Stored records
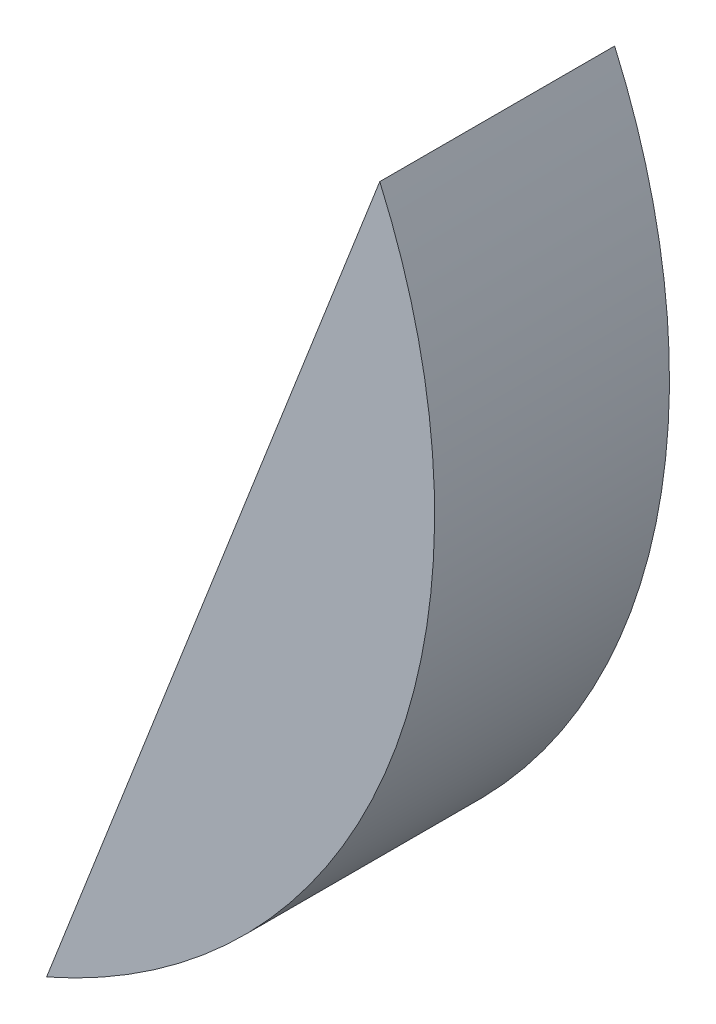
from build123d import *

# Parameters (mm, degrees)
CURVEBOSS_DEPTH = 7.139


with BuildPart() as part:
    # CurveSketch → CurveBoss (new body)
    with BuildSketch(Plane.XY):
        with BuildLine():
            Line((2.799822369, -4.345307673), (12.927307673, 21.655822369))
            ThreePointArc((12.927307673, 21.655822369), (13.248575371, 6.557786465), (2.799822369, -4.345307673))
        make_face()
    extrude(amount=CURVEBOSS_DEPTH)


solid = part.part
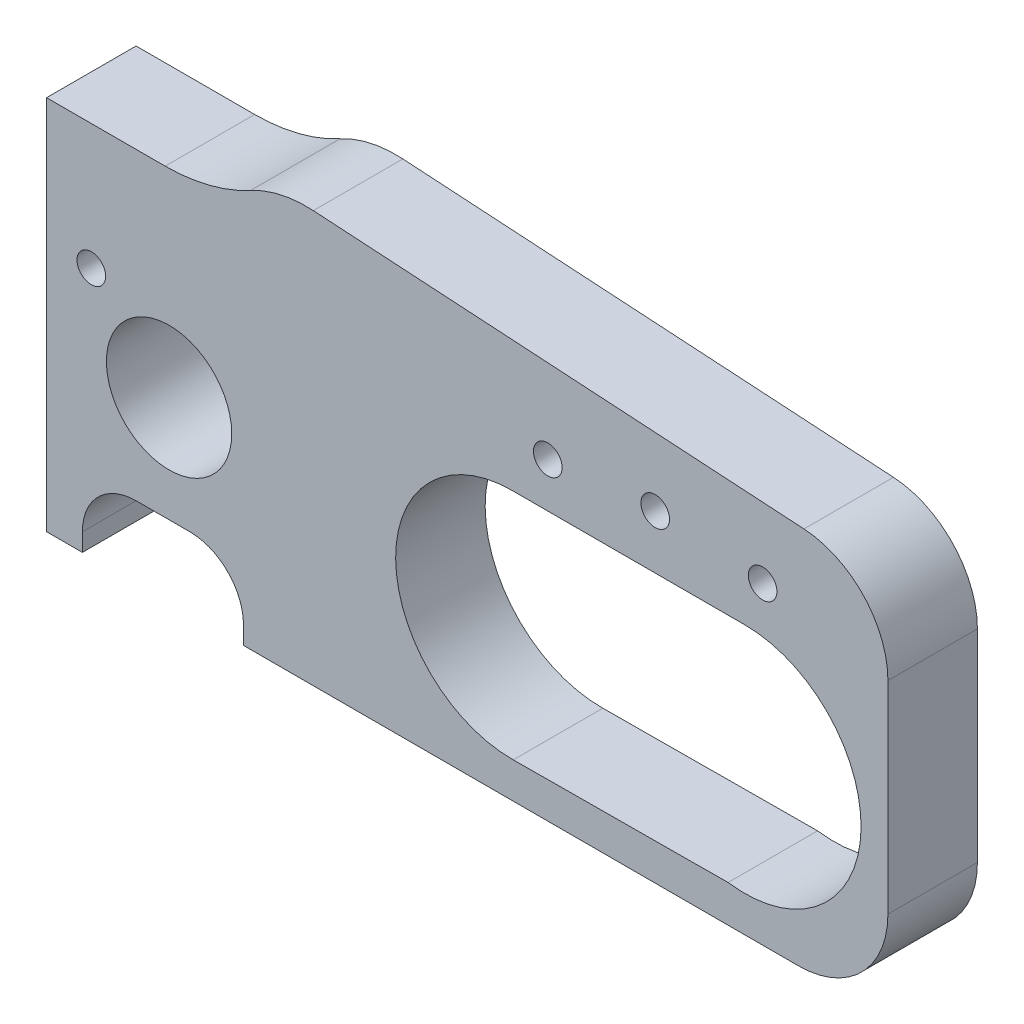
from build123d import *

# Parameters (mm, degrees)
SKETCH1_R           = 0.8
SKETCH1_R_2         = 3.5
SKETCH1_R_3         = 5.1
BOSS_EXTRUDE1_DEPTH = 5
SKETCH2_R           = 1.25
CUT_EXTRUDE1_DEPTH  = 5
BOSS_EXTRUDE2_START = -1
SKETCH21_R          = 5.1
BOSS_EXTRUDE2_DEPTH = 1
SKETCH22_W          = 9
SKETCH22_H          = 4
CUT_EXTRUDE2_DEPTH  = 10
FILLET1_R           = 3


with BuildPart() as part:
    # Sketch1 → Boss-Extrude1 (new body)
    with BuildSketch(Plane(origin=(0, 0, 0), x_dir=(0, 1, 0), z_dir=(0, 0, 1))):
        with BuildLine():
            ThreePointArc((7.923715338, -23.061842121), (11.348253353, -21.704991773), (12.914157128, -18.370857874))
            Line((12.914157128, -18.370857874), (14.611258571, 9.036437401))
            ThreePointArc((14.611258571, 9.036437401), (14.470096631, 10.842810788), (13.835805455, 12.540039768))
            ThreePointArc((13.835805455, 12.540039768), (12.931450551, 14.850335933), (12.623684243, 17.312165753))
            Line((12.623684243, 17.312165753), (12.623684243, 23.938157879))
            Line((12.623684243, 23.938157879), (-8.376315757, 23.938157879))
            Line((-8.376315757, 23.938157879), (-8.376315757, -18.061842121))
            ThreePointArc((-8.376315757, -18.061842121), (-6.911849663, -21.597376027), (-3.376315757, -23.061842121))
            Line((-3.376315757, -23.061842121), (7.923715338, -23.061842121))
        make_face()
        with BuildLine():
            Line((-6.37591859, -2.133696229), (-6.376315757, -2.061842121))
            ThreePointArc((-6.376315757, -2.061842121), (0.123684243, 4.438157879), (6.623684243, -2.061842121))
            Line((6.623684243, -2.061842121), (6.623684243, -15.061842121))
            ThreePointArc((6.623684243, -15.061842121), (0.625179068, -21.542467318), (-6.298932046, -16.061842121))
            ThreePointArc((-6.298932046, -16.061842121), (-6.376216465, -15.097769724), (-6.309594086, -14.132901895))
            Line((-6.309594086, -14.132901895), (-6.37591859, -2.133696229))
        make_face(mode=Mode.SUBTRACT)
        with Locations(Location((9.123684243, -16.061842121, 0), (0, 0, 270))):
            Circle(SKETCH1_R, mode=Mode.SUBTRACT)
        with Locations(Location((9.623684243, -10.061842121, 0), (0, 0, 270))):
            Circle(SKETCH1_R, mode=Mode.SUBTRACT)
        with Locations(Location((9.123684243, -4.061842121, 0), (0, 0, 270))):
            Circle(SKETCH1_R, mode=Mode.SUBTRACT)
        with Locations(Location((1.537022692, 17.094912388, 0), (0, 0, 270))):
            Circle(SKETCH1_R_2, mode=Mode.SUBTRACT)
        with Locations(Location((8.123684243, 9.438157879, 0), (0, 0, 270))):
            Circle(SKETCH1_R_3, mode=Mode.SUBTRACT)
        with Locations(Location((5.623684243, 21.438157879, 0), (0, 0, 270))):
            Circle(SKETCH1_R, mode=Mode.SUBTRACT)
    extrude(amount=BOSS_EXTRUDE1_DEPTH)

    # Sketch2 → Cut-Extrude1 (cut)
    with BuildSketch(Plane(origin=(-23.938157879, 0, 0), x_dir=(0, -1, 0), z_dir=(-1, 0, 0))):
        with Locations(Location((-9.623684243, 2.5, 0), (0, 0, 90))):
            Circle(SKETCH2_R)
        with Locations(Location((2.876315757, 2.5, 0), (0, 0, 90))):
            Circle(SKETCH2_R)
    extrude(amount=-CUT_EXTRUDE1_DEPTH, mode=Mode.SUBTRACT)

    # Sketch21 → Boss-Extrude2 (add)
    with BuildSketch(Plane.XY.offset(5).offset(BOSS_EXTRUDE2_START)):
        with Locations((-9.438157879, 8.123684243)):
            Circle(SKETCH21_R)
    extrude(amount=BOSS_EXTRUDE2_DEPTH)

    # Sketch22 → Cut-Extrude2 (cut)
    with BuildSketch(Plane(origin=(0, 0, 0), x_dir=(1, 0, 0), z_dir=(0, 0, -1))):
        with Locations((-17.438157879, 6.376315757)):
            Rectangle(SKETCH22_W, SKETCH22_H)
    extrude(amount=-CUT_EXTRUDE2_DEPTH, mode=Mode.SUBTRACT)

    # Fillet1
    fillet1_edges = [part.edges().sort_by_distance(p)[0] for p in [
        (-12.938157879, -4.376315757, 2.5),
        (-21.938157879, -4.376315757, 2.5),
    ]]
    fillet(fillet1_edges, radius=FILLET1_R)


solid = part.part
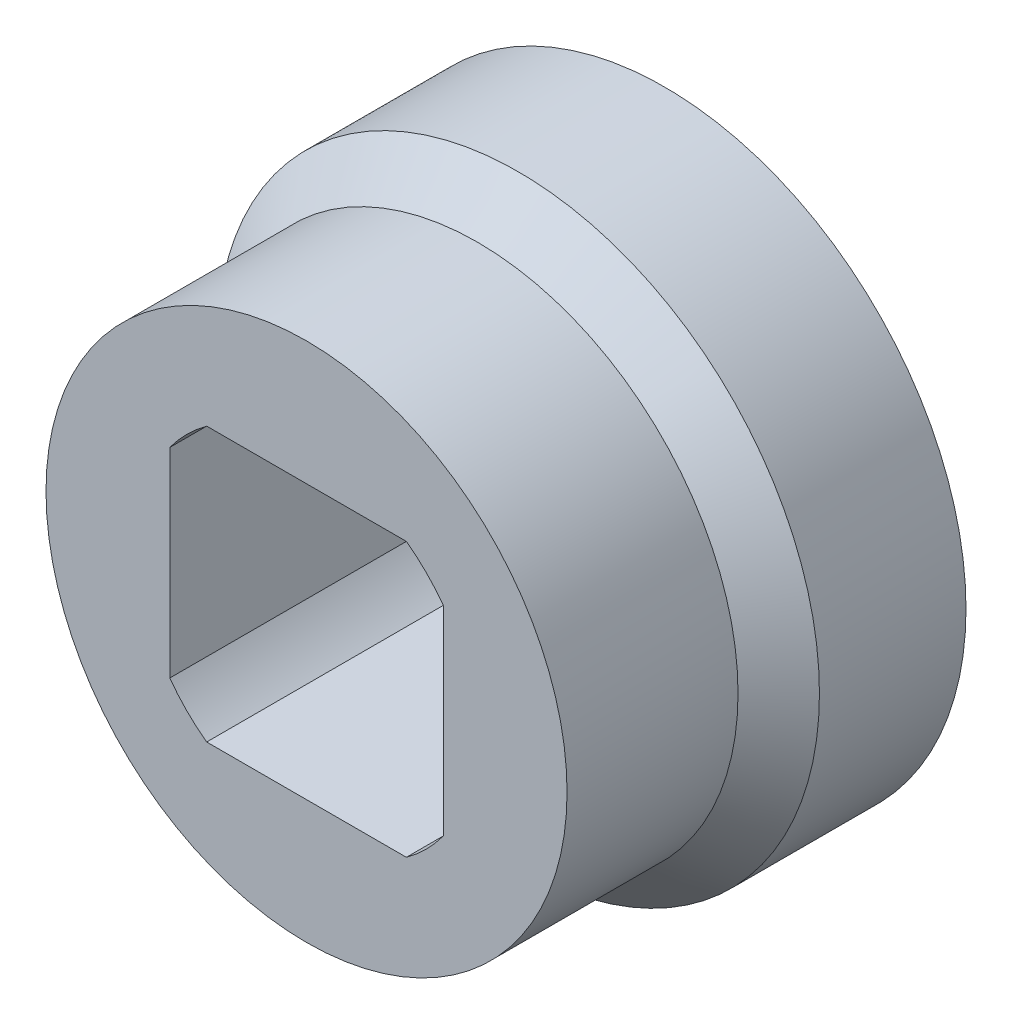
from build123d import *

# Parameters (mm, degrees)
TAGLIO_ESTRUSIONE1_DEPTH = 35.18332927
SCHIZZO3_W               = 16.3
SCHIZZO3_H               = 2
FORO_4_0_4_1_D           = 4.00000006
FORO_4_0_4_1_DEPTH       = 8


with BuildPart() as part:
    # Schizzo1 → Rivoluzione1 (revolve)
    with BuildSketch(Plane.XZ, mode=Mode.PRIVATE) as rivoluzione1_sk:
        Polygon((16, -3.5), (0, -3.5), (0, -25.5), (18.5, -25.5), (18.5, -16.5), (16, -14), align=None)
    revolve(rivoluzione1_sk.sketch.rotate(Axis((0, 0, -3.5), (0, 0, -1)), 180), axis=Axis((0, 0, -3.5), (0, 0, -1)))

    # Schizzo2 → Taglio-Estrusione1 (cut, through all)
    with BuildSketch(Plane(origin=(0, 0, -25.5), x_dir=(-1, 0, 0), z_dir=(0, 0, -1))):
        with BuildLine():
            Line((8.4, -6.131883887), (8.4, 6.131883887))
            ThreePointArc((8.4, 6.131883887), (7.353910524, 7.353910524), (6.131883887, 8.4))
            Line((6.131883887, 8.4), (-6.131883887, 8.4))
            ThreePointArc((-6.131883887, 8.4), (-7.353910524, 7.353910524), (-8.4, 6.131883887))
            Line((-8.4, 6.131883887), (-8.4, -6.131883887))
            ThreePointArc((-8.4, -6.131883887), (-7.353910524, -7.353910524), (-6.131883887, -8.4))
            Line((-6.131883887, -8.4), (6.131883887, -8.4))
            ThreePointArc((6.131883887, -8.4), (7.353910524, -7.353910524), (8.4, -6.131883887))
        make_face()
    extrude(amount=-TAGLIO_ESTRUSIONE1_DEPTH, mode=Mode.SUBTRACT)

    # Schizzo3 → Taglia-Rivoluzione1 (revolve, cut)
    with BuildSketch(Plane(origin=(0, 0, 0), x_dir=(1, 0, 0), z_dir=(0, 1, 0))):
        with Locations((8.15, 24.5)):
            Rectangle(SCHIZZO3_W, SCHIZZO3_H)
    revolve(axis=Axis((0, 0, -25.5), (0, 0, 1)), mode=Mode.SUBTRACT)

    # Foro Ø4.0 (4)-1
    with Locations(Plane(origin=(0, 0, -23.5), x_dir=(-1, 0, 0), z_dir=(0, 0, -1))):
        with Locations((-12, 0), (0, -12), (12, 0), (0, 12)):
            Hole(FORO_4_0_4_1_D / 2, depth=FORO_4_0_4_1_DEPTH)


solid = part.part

> [Exercise instructions] Above are the records; repeat exactly the lines from the one holding "4.438157879), (6.623684243, -2.061842121))" down to the one holding "-15.097769724), (-6.309594086, -14.132901895))", end lines included.

> [Response area]
            ThreePointArc((-6.376315757, -2.061842121), (0.123684243, 4.438157879), (6.623684243, -2.061842121))
            Line((6.623684243, -2.061842121), (6.623684243, -15.061842121))
            ThreePointArc((6.623684243, -15.061842121), (0.625179068, -21.542467318), (-6.298932046, -16.061842121))
            ThreePointArc((-6.298932046, -16.061842121), (-6.376216465, -15.097769724), (-6.309594086, -14.132901895))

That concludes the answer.